WORK TO BE COMPLETED -> Below are several entries. Transcribe exactly those lines that fall from the one with "#6=PRODUCT_DEFINITION_FORMATION('','',#4);" through the one with "#11,#12)) REPRESENTATION_CONTEXT('',''));", end lines included.

(Beginning of DATASET CONTENT)

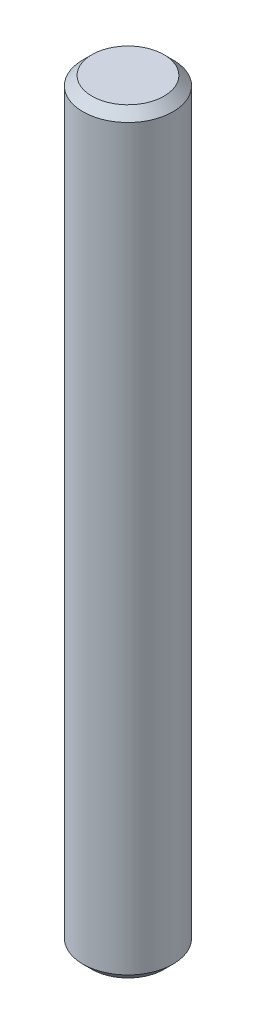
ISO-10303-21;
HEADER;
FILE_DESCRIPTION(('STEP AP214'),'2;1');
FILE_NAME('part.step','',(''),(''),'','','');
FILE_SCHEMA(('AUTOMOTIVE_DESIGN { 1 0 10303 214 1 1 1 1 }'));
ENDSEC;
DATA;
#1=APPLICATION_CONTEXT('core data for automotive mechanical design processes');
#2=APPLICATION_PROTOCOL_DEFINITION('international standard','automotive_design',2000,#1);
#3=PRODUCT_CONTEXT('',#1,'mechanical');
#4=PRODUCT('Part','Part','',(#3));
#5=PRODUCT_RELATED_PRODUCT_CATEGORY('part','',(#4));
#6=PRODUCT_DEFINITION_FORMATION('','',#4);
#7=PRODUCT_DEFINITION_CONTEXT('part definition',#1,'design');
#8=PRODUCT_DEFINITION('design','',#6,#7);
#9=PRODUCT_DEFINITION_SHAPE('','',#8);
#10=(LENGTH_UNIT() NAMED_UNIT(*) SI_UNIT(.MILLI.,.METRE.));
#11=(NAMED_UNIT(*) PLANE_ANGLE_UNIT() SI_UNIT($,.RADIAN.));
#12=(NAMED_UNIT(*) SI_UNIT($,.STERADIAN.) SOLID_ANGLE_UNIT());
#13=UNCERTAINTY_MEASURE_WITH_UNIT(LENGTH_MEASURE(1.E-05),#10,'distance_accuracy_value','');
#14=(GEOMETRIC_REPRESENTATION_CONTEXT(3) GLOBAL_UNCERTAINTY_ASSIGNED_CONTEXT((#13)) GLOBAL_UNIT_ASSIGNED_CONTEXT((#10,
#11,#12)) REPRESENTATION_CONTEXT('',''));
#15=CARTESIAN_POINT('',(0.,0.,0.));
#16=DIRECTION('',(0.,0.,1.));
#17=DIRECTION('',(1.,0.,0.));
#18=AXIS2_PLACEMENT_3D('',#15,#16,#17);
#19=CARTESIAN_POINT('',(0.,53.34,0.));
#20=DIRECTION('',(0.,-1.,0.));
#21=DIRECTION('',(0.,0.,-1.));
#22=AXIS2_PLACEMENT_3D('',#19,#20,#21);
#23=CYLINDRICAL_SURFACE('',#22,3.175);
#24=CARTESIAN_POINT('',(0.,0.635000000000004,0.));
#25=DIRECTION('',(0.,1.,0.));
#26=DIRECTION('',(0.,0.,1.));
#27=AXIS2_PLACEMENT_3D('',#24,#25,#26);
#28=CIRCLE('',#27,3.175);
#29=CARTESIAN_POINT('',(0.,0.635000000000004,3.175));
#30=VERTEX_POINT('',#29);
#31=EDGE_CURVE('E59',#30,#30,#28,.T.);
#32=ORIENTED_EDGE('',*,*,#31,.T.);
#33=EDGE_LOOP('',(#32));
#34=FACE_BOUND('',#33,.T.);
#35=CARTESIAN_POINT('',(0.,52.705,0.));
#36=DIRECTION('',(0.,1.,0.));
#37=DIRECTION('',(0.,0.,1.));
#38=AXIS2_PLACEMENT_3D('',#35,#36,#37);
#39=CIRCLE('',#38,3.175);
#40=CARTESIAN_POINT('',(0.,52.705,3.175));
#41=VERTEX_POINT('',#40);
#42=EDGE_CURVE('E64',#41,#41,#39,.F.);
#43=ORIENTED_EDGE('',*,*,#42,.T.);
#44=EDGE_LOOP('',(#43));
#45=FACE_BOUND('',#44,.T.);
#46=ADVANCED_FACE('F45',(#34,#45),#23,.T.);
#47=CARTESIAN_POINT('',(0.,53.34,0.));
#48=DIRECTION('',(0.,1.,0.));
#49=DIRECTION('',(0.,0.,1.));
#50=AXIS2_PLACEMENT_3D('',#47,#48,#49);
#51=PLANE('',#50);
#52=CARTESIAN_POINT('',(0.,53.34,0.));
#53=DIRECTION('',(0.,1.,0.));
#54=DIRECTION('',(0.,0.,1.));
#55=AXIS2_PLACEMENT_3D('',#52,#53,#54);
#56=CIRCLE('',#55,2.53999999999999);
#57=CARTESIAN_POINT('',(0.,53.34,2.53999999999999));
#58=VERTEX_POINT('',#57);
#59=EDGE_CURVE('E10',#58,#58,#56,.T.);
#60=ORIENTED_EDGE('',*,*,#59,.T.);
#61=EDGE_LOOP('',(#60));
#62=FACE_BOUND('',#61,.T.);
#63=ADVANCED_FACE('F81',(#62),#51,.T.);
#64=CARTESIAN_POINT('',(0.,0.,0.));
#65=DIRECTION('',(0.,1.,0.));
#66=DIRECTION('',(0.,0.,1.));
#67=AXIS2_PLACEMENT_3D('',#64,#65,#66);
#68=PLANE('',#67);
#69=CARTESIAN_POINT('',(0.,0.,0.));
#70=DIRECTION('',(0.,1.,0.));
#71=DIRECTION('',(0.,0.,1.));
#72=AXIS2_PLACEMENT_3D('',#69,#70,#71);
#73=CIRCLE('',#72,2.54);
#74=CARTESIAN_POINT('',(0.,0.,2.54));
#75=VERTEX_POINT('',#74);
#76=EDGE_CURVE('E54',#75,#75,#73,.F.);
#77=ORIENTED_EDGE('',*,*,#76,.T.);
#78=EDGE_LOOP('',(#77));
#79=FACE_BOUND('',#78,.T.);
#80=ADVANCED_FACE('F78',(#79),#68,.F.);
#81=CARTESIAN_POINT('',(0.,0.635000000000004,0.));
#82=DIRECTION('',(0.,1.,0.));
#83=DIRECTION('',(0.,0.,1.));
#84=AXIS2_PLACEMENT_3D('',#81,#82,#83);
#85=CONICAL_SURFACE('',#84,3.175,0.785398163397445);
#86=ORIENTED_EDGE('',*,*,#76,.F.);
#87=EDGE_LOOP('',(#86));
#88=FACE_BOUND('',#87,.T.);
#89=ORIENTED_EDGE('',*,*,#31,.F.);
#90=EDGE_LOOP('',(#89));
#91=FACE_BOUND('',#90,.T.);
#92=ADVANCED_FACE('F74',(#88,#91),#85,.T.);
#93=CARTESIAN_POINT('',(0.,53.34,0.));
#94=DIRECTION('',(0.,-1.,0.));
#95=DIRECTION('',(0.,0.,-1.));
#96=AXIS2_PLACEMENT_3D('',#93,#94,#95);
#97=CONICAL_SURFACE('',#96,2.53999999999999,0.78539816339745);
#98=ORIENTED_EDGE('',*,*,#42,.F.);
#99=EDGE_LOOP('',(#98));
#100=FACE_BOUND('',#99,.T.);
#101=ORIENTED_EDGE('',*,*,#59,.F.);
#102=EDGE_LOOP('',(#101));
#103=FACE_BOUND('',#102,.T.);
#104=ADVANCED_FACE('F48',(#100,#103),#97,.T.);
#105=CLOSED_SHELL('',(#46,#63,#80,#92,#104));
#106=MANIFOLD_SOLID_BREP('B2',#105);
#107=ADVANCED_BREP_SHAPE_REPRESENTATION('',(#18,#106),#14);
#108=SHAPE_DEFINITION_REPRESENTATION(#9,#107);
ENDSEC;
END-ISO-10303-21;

(End of DATASET CONTENT)

YOUR RESPONSE ->
#6=PRODUCT_DEFINITION_FORMATION('','',#4);
#7=PRODUCT_DEFINITION_CONTEXT('part definition',#1,'design');
#8=PRODUCT_DEFINITION('design','',#6,#7);
#9=PRODUCT_DEFINITION_SHAPE('','',#8);
#10=(LENGTH_UNIT() NAMED_UNIT(*) SI_UNIT(.MILLI.,.METRE.));
#11=(NAMED_UNIT(*) PLANE_ANGLE_UNIT() SI_UNIT($,.RADIAN.));
#12=(NAMED_UNIT(*) SI_UNIT($,.STERADIAN.) SOLID_ANGLE_UNIT());
#13=UNCERTAINTY_MEASURE_WITH_UNIT(LENGTH_MEASURE(1.E-05),#10,'distance_accuracy_value','');
#14=(GEOMETRIC_REPRESENTATION_CONTEXT(3) GLOBAL_UNCERTAINTY_ASSIGNED_CONTEXT((#13)) GLOBAL_UNIT_ASSIGNED_CONTEXT((#10,
#11,#12)) REPRESENTATION_CONTEXT('',''));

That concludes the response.